Remember how I said that most of my non-photo and non-video work is in mercurial? The one thing I seem to have lost was about a week's worth of changes to my #BBC10 / unofficial Beer Blogger Conference Android app. I added a lot of functionality in that time frame, so it's frustrating that I didn't regularly push the code into a mercurial repository like my other work.

I'm not sure what I was thinking, but it probably was something along the lines of "Oh, I can put off opening a FogBugz account for Moving Average. Why, that would take a whole five minutes! What are the chances that the hard drive will fail in the next week or two?" Oh, cruel fates, I feel the hot gaze of your eyes now.

All things considered, I didn't lose too much. Losing the source to the #BBC10 app irks me, but I still count myself lucky. Very lucky.

The New Backup Scheme

Liquid Plasmoid Rocket
Obviously I've learned a few things during this incident, mostly that I need a automatic incremental backup solution -- one that is preferably stored offsite. I also need to ensure that all my software projects are regularly pushed into Kiln.

In terms of automatic update solutions, I'm currently looking into CrashPlan and BackBlaze. The both have inexpensive yearly cloud-based solutions. So far it seems that CrashPlan has better reviews, but I have a few concerns about the wording that CrashPlan is for "personal use only". Does that mean my photos or software on my computer won't be backed up because they might have commercial value? That's concerning.
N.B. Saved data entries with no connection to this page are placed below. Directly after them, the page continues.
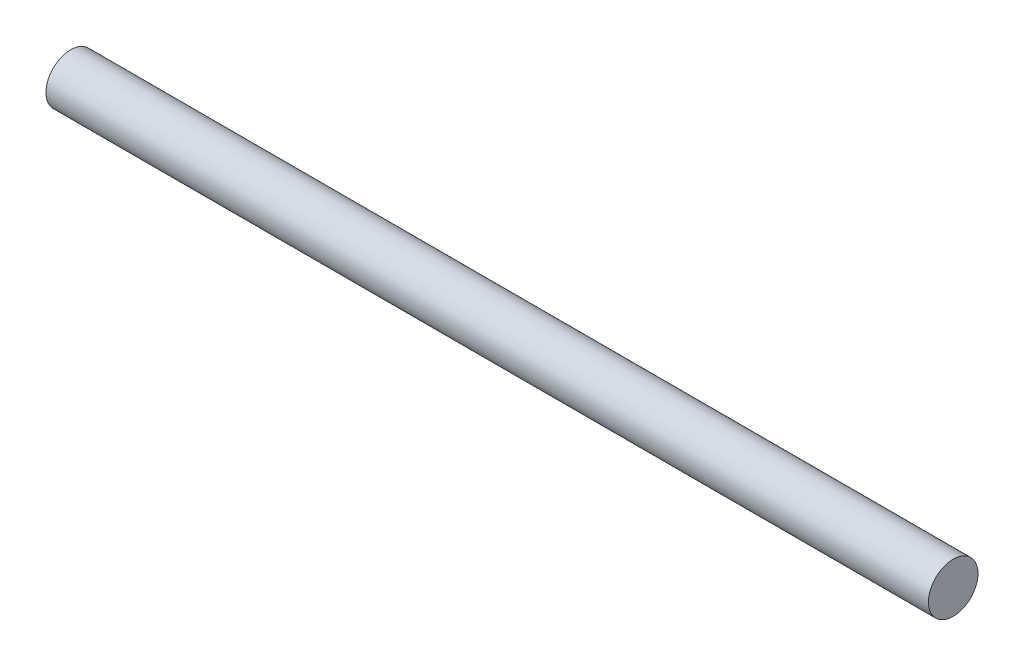
ISO-10303-21;
HEADER;
FILE_DESCRIPTION(('STEP AP214'),'2;1');
FILE_NAME('part.step','',(''),(''),'','','');
FILE_SCHEMA(('AUTOMOTIVE_DESIGN { 1 0 10303 214 1 1 1 1 }'));
ENDSEC;
DATA;
#1=APPLICATION_CONTEXT('core data for automotive mechanical design processes');
#2=APPLICATION_PROTOCOL_DEFINITION('international standard','automotive_design',2000,#1);
#3=PRODUCT_CONTEXT('',#1,'mechanical');
#4=PRODUCT('Part','Part','',(#3));
#5=PRODUCT_RELATED_PRODUCT_CATEGORY('part','',(#4));
#6=PRODUCT_DEFINITION_FORMATION('','',#4);
#7=PRODUCT_DEFINITION_CONTEXT('part definition',#1,'design');
#8=PRODUCT_DEFINITION('design','',#6,#7);
#9=PRODUCT_DEFINITION_SHAPE('','',#8);
#10=(LENGTH_UNIT() NAMED_UNIT(*) SI_UNIT(.MILLI.,.METRE.));
#11=(NAMED_UNIT(*) PLANE_ANGLE_UNIT() SI_UNIT($,.RADIAN.));
#12=(NAMED_UNIT(*) SI_UNIT($,.STERADIAN.) SOLID_ANGLE_UNIT());
#13=UNCERTAINTY_MEASURE_WITH_UNIT(LENGTH_MEASURE(1.E-05),#10,'distance_accuracy_value','');
#14=(GEOMETRIC_REPRESENTATION_CONTEXT(3) GLOBAL_UNCERTAINTY_ASSIGNED_CONTEXT((#13)) GLOBAL_UNIT_ASSIGNED_CONTEXT((#10,
#11,#12)) REPRESENTATION_CONTEXT('',''));
#15=CARTESIAN_POINT('',(0.,0.,0.));
#16=DIRECTION('',(0.,0.,1.));
#17=DIRECTION('',(1.,0.,0.));
#18=AXIS2_PLACEMENT_3D('',#15,#16,#17);
#19=CARTESIAN_POINT('',(-140.,7.49999999999996,0.));
#20=DIRECTION('',(-1.,0.,0.));
#21=DIRECTION('',(0.,0.,1.));
#22=AXIS2_PLACEMENT_3D('',#19,#20,#21);
#23=PLANE('',#22);
#24=CARTESIAN_POINT('',(-140.,0.,0.));
#25=DIRECTION('',(1.,0.,0.));
#26=DIRECTION('',(0.,0.,-1.));
#27=AXIS2_PLACEMENT_3D('',#24,#25,#26);
#28=CIRCLE('',#27,5.49999999999997);
#29=CARTESIAN_POINT('',(-140.,0.,-5.49999999999997));
#30=VERTEX_POINT('',#29);
#31=EDGE_CURVE('E10',#30,#30,#28,.T.);
#32=ORIENTED_EDGE('',*,*,#31,.T.);
#33=EDGE_LOOP('',(#32));
#34=FACE_BOUND('',#33,.T.);
#35=CARTESIAN_POINT('',(-140.,0.,0.));
#36=DIRECTION('',(1.,0.,0.));
#37=DIRECTION('',(0.,0.,-1.));
#38=AXIS2_PLACEMENT_3D('',#35,#36,#37);
#39=CIRCLE('',#38,7.49999999999997);
#40=CARTESIAN_POINT('',(-140.,0.,-7.49999999999997));
#41=VERTEX_POINT('',#40);
#42=EDGE_CURVE('E45',#41,#41,#39,.T.);
#43=ORIENTED_EDGE('',*,*,#42,.F.);
#44=EDGE_LOOP('',(#43));
#45=FACE_BOUND('',#44,.T.);
#46=ADVANCED_FACE('F31',(#34,#45),#23,.T.);
#47=CARTESIAN_POINT('',(196.356223273704,0.,0.));
#48=DIRECTION('',(1.,0.,0.));
#49=DIRECTION('',(0.,0.,-1.));
#50=AXIS2_PLACEMENT_3D('',#47,#48,#49);
#51=CYLINDRICAL_SURFACE('',#50,5.49999999999997);
#52=CARTESIAN_POINT('',(-127.,0.,0.));
#53=DIRECTION('',(1.,0.,0.));
#54=DIRECTION('',(0.,0.,-1.));
#55=AXIS2_PLACEMENT_3D('',#52,#53,#54);
#56=CIRCLE('',#55,5.49999999999997);
#57=CARTESIAN_POINT('',(-127.,0.,-5.49999999999997));
#58=VERTEX_POINT('',#57);
#59=EDGE_CURVE('E37',#58,#58,#56,.T.);
#60=ORIENTED_EDGE('',*,*,#59,.T.);
#61=EDGE_LOOP('',(#60));
#62=FACE_BOUND('',#61,.T.);
#63=ORIENTED_EDGE('',*,*,#31,.F.);
#64=EDGE_LOOP('',(#63));
#65=FACE_BOUND('',#64,.T.);
#66=ADVANCED_FACE('F55',(#62,#65),#51,.F.);
#67=CARTESIAN_POINT('',(-127.,5.49999999999996,0.));
#68=DIRECTION('',(-1.,0.,0.));
#69=DIRECTION('',(0.,0.,1.));
#70=AXIS2_PLACEMENT_3D('',#67,#68,#69);
#71=PLANE('',#70);
#72=ORIENTED_EDGE('',*,*,#59,.F.);
#73=EDGE_LOOP('',(#72));
#74=FACE_BOUND('',#73,.T.);
#75=ADVANCED_FACE('F59',(#74),#71,.T.);
#76=CARTESIAN_POINT('',(127.,7.49999999999999,0.));
#77=DIRECTION('',(1.,0.,0.));
#78=DIRECTION('',(0.,0.,-1.));
#79=AXIS2_PLACEMENT_3D('',#76,#77,#78);
#80=PLANE('',#79);
#81=CARTESIAN_POINT('',(127.,0.,0.));
#82=DIRECTION('',(1.,0.,0.));
#83=DIRECTION('',(0.,0.,-1.));
#84=AXIS2_PLACEMENT_3D('',#81,#82,#83);
#85=CIRCLE('',#84,7.50000000000001);
#86=CARTESIAN_POINT('',(127.,0.,-7.50000000000001));
#87=VERTEX_POINT('',#86);
#88=EDGE_CURVE('E41',#87,#87,#85,.T.);
#89=ORIENTED_EDGE('',*,*,#88,.T.);
#90=EDGE_LOOP('',(#89));
#91=FACE_BOUND('',#90,.T.);
#92=ADVANCED_FACE('F63',(#91),#80,.T.);
#93=CARTESIAN_POINT('',(196.356223273704,0.,0.));
#94=DIRECTION('',(1.,0.,0.));
#95=DIRECTION('',(0.,0.,-1.));
#96=AXIS2_PLACEMENT_3D('',#93,#94,#95);
#97=CYLINDRICAL_SURFACE('',#96,7.49999999999999);
#98=ORIENTED_EDGE('',*,*,#42,.T.);
#99=EDGE_LOOP('',(#98));
#100=FACE_BOUND('',#99,.T.);
#101=ORIENTED_EDGE('',*,*,#88,.F.);
#102=EDGE_LOOP('',(#101));
#103=FACE_BOUND('',#102,.T.);
#104=ADVANCED_FACE('F51',(#100,#103),#97,.T.);
#105=CLOSED_SHELL('',(#46,#66,#75,#92,#104));
#106=MANIFOLD_SOLID_BREP('B2',#105);
#107=ADVANCED_BREP_SHAPE_REPRESENTATION('',(#18,#106),#14);
#108=SHAPE_DEFINITION_REPRESENTATION(#9,#107);
ENDSEC;
END-ISO-10303-21;

In the mean time, all my software projects now have a home in Kiln. I run hg push a lot more often than I used to, and my Drobo will be getting my photos and videos at a faster pace. Thank goodness for my Drobo and it's terabyte of redundant storage. I'd still like to get the Drobo backed up to the cloud in case it gets stolen or my house burns down.

Final Notes

Ultimately I got what was left of my important data off of my Backup drive and into the cloud where I could get to it remotely. The outdated source for my #BBC10 app went into Kiln, as did a few other projects missing from the cloud.

I left for Colorado and the Beer Blogger Conference feeling completely naked without a laptop. I had an iPad, iPod Touch, and my HTC Evo 4G as data devices, but for software development and photo editing, those gizmos aren't very useful to me. Losing a hard drive hurts, and I spent a few days mentally kicking myself for not implementing a better backup solution.